HSPA5/BiP/GRP78 Il plasmide di attivazione CRISPR (m) è un sistema SAM (mediatore di attivazione sinergico) a tre plasmidi progettato per la sovraregolazione trascrizionale altamente efficiente e sito-specifica del locus Hspa5 nelle linee cellulari umane. Il sistema è costruito attorno a una Cas9 cataliticamente inattiva (dCas9) che porta due mutazioni inattivanti (D10A e N863A) che eliminano l'attività nucleasica preservando al contempo il legame con il DNA. Questa dCas9 è fusa con VP64, un potente attivatore trascrizionale, ed è coespressa con un gene di resistenza alla blasticidina per la selezione. Il secondo plasmide codifica la proteina di fusione MS2-p65-HSF1, un complesso attivatore secondario che agisce in sinergia con dCas9-VP64, insieme a un gene di resistenza all'igromicina. Il terzo plasmide codifica un sgRNA specifico per il bersaglio di 20 nt fuso a due aptameri di RNA MS2 che reclutano il complesso MS2-p65-HSF1 nel sito di attivazione, accompagnato da un gene di resistenza alla puromicina. I tre plasmidi vengono somministrati in un rapporto di massa 1:1:1 per un'espressione bilanciata di tutti i componenti del sistema.

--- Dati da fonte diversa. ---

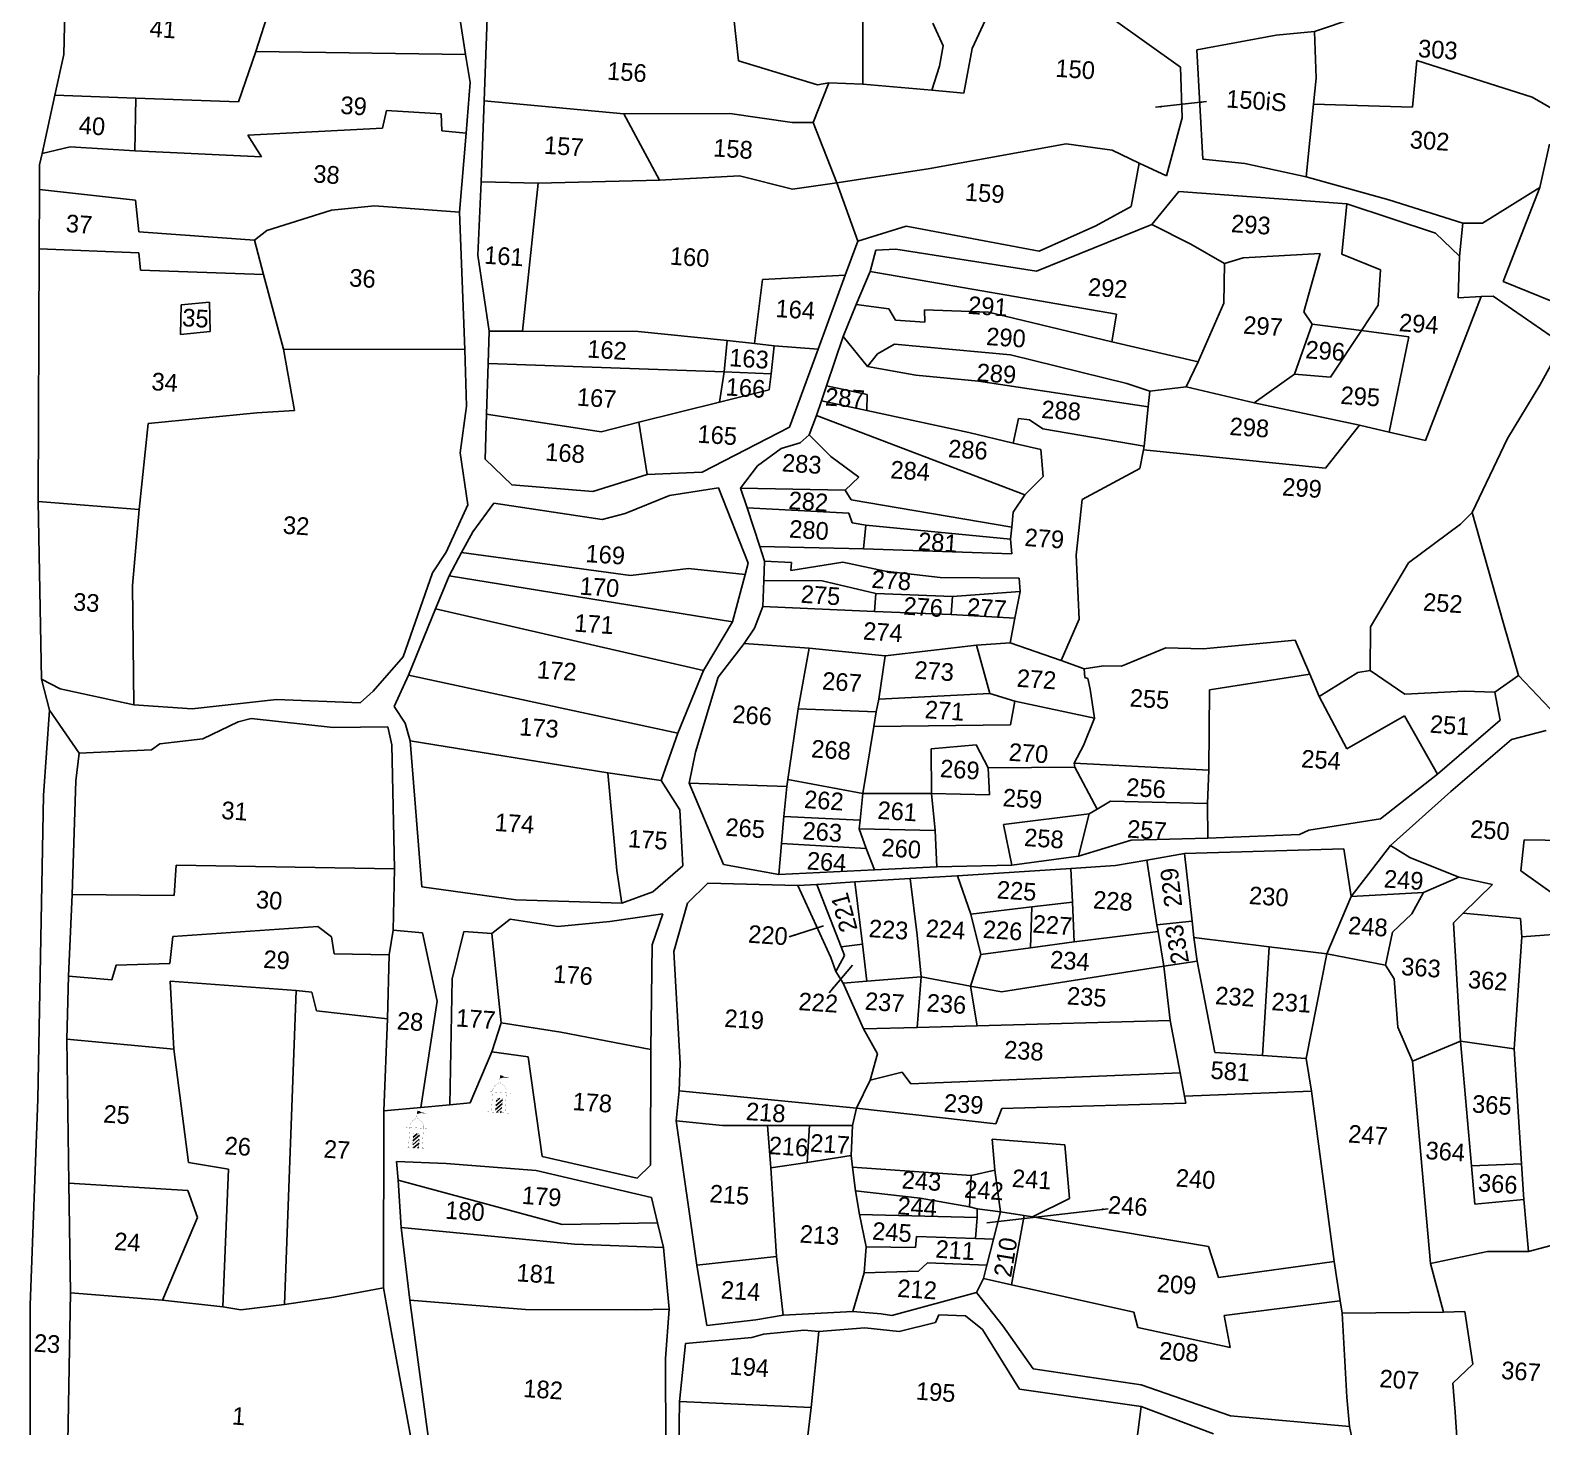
# Model space of a CAD drawing. Header units: metres. Extents: x 274790 to 276877, y 2077867 to 2079409.
# Drawn here: x 274841 to 275455, y 2078204 to 2078771 of the extents above; entities that cross this region are included whole.
import ezdxf
from ezdxf.enums import TextEntityAlignment as Align

# ---------------------------------------------------------------- set-up
doc = ezdxf.new("R2010")
doc.units = ezdxf.units.M
for name, color, linetype in [('OFF', 1, 'Continuous'), ('POLY_PARCEL', 6, 'Continuous'), ('POLY_ROAD', 30, 'Continuous'), ('POLY_WATER', 4, 'Continuous'), ('TEXT_PARCEL', 7, 'Continuous'), ('V_BOUND_LINE', 7, 'Continuous')]:
    doc.layers.add(name, color=color, linetype=linetype)
doc.styles.get("Standard").update_dxf_attribs({"font": 'simplex.shx'})
doc.styles.add('TEXT_MAP', font='', dxfattribs={"height": 1.8})
doc.styles.get('TEXT_MAP').set_extended_font_data('Kruti Dev 050')
doc.dimstyles.get("Standard").update_dxf_attribs({"dimtxt": 0.18, "dimasz": 0.18, "dimexe": 0.18, "dimexo": 0.0625, "dimgap": 0.09, "dimtad": 0, "dimtih": 1, "dimtoh": 1, "dimdec": 4, "dimzin": 0, "dimdsep": 46, "dimtxsty": 'Standard', "dimcen": 0.09, "dimadec": 0, "dimazin": 0, "dimtfac": 1, "dimtdec": 4, "dimtofl": 0, "dimtmove": 0, "dimatfit": 3, "dimfxl": 1, "dimtolj": 1, "dimtzin": 0, "dimarcsym": 0})

msp = doc.modelspace()

# ---------------------------------------------------------------- hatches: boundary and pattern name
at = {"linetype": 'Continuous'}
for points in [[(275032.78, 2078345.46), (275033.58, 2078345.53), (275034.46, 2078345.39), (275035.56, 2078345.35), (275033.34, 2078345.82), (275032.66, 2078346.26), (275031.79, 2078346.45), (275031.68, 2078345.17), (275031.83, 2078345.17)], [(274999.13, 2078331.04), (274999.93, 2078331.12), (275000.8, 2078330.97), (275001.9, 2078330.94), (274999.68, 2078331.4), (274999.01, 2078331.85), (274998.14, 2078332.04), (274998.03, 2078330.76), (274998.18, 2078330.76)]]:
    msp.add_hatch(color=256, dxfattribs=at).paths.add_polyline_path(points)
h = msp.add_hatch(dxfattribs=at)
h.set_pattern_fill('ANSI31', color=256, scale=8.994345, angle=-3.92422, style=0)
h.set_pattern_definition([(41.07578, (274778.0122, 2078096.6078), (-0.7387243, 0.8475385), [])])
h.paths.add_polyline_path([(275030.23, 2078337.19), (275029.83, 2078331.4), (275032.34, 2078331.23), (275032.73, 2078337.02)])
h = msp.add_hatch(dxfattribs=at)
h.set_pattern_fill('ANSI31', color=256, scale=8.994345, angle=-3.92422, style=0)
h.set_pattern_definition([(41.07578, (274744.3589, 2078082.1954), (-0.7387243, 0.8475385), [])])
h.paths.add_polyline_path([(274996.57, 2078322.78), (274996.18, 2078316.99), (274998.68, 2078316.81), (274999.08, 2078322.61)])

# ---------------------------------------------------------------- linework, layer by layer
at = {"linetype": 'Continuous', "const_width": 0.045}
for points in [[(275031.56, 2078343.78), (275031.79, 2078346.45), (275032.66, 2078346.26), (275033.34, 2078345.82), (275035.56, 2078345.35), (275034.46, 2078345.39), (275033.58, 2078345.53), (275032.78, 2078345.46), (275031.83, 2078345.17), (275031.68, 2078345.17)], [(275027.23, 2078339.78), (275036.02, 2078339.18)], [(275028.2, 2078331.51), (275028.76, 2078339.67)], [(275028.76, 2078339.67), (275028.83, 2078340.7), (275029.41, 2078341.98), (275030.3, 2078342.76), (275031.08, 2078343.15), (275031.56, 2078343.78), (275032.06, 2078343.26), (275033.02, 2078342.44), (275033.56, 2078342.05), (275034, 2078341.36), (275034.3, 2078340.5), (275034.3, 2078339.29)], [(275033.74, 2078331.13), (275034.3, 2078339.29)], [(275029.83, 2078331.4), (275030.23, 2078337.19), (275032.73, 2078337.02), (275032.34, 2078331.23)], [(274995.11, 2078325.26), (274995.18, 2078326.29), (274995.76, 2078327.57), (274996.65, 2078328.35), (274997.42, 2078328.74), (274997.91, 2078329.36), (274998.4, 2078328.84), (274999.36, 2078328.03), (274999.91, 2078327.64), (275000.35, 2078326.95), (275000.64, 2078326.09), (275000.65, 2078324.88)], [(274997.91, 2078329.36), (274998.14, 2078332.04), (274999.01, 2078331.85), (274999.68, 2078331.4), (275001.9, 2078330.94), (275000.8, 2078330.97), (274999.93, 2078331.12), (274999.13, 2078331.04), (274998.18, 2078330.76), (274998.03, 2078330.76)], [(275026.67, 2078331.61), (275035.54, 2078331.01)], [(274993.57, 2078325.37), (275002.36, 2078324.76)], [(274994.55, 2078317.1), (274995.11, 2078325.26)], [(274996.18, 2078316.99), (274996.57, 2078322.78), (274999.08, 2078322.61), (274998.68, 2078316.81)], [(275000.09, 2078316.72), (275000.65, 2078324.88)], [(274993.01, 2078317.2), (275001.89, 2078316.59)]]:
    msp.add_lwpolyline(points, dxfattribs=at)
at = {"layer": 'OFF'}
msp.add_line((275445.43, 2078508.88), (275458.25, 2078495.36), dxfattribs=at)
at = {"layer": 'POLY_PARCEL'}
for p, q in [((275128.65, 2078758.76), (275123.31, 2078807.67)), ((275179.16, 2078749.26), (275179.13, 2078793.49)), ((275223.57, 2078763.74), (275236.84, 2078792.5)), ((274938.14, 2078779.91), (274932.55, 2078762.5)), ((275207.58, 2078774.01), (275211.68, 2078764.83)), ((275362.53, 2078770.72), (275363.24, 2078751.65)), ((274932.55, 2078762.5), (274925.44, 2078742.12)), ((274932.55, 2078762.5), (275017.75, 2078761.37)), ((275211.68, 2078764.83), (275210.28, 2078756.58)), ((275220.1, 2078745.62), (275223.57, 2078763.74)), ((275160.72, 2078748.95), (275128.65, 2078758.76)), ((275210.28, 2078756.58), (275207.09, 2078746.77)), ((275402.42, 2078739.97), (275404.09, 2078758.86)), ((275404.09, 2078758.86), (275450.94, 2078743.96)), ((275158.87, 2078733.67), (275165.25, 2078749.8)), ((275165.25, 2078749.8), (275160.72, 2078748.95)), ((275165.25, 2078749.8), (275179.16, 2078749.26)), ((275363.24, 2078751.65), (275362.19, 2078741.13)), ((274883.82, 2078743.59), (274850.88, 2078744.75)), ((274883.82, 2078743.59), (274883.44, 2078722.2)), ((274925.44, 2078742.12), (274883.82, 2078743.59)), ((275179.16, 2078749.26), (275207.09, 2078746.77)), ((275207.09, 2078746.77), (275220.1, 2078745.62)), ((275450.94, 2078743.96), (275459.88, 2078738.87)), ((274983.98, 2078731.4), (274985.59, 2078738.55)), ((274985.59, 2078738.55), (275007.76, 2078737.15)), ((275082.04, 2078737.23), (275025.25, 2078742.49)), ((275362.19, 2078741.13), (275359.24, 2078711.57)), ((275362.19, 2078741.13), (275402.42, 2078739.97)), ((274929.29, 2078728.53), (274983.98, 2078731.4)), ((275007.76, 2078737.15), (275008.12, 2078730.33)), ((275082.04, 2078737.23), (275125.03, 2078737.31)), ((275096.54, 2078710.3), (275082.04, 2078737.23)), ((275125.03, 2078737.31), (275150.36, 2078733.67)), ((275150.36, 2078733.67), (275158.87, 2078733.67)), ((275158.87, 2078733.67), (275168.54, 2078709.12)), ((274934.91, 2078719.73), (274929.29, 2078728.53)), ((275008.12, 2078730.33), (275017.95, 2078729.39)), ((274845.69, 2078721.06), (274857.1, 2078723.72)), ((274857.1, 2078723.72), (274883.44, 2078722.2)), ((274883.44, 2078722.2), (274934.91, 2078719.73)), ((275205.67, 2078714.78), (275261.71, 2078724.94)), ((275261.71, 2078724.94), (275280.35, 2078722.49)), ((275280.35, 2078722.49), (275291.33, 2078717.15)), ((275454.1, 2078707.28), (275458.08, 2078724.81)), ((275168.54, 2078709.12), (275205.67, 2078714.78)), ((275024.07, 2078709.54), (275047.19, 2078708.96)), ((275047.19, 2078708.96), (275040.85, 2078648.81)), ((275047.19, 2078708.96), (275096.54, 2078710.3)), ((275128.94, 2078711.97), (275096.54, 2078710.3)), ((275150.56, 2078706.6), (275128.94, 2078711.97)), ((275168.54, 2078709.12), (275150.56, 2078706.6)), ((275168.54, 2078709.12), (275177.07, 2078685.51)), ((275454.1, 2078707.28), (275430.83, 2078692.74)), ((275439.23, 2078669.08), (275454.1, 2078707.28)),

Una volta assemblato nel locus bersaglio, il complesso SAM si lega a circa 200 bp a monte del sito di inizio della trascrizione Hspa5, dove VP64, p65 e HSF1 agiscono in modo concertato per reclutare il machinery trascrizionale e guidare la sovraregolazione dell'espressione endogena di HSPA5/BiP/GRP78. A differenza della Cas9 con attività nucleasica, dCas9 non introduce rotture a doppio filamento né modifica la sequenza genomica, preservando il locus Hspa5 nativo e consentendo lo studio delle risposte trascrizionali dipendenti da HSPA5/BiP/GRP78 nel locus endogeno, rendendolo uno strumento prezioso per studi funzionali, l'identificazione di geni bersaglio e la modellizzazione del ripristino della via HSPA5/BiP/GRP78 nelle cellule tumorali con espressione di Hspa5 silenziata o ridotta.
Solo per uso di ricerca. Non destinato a uso diagnostico o terapeutico.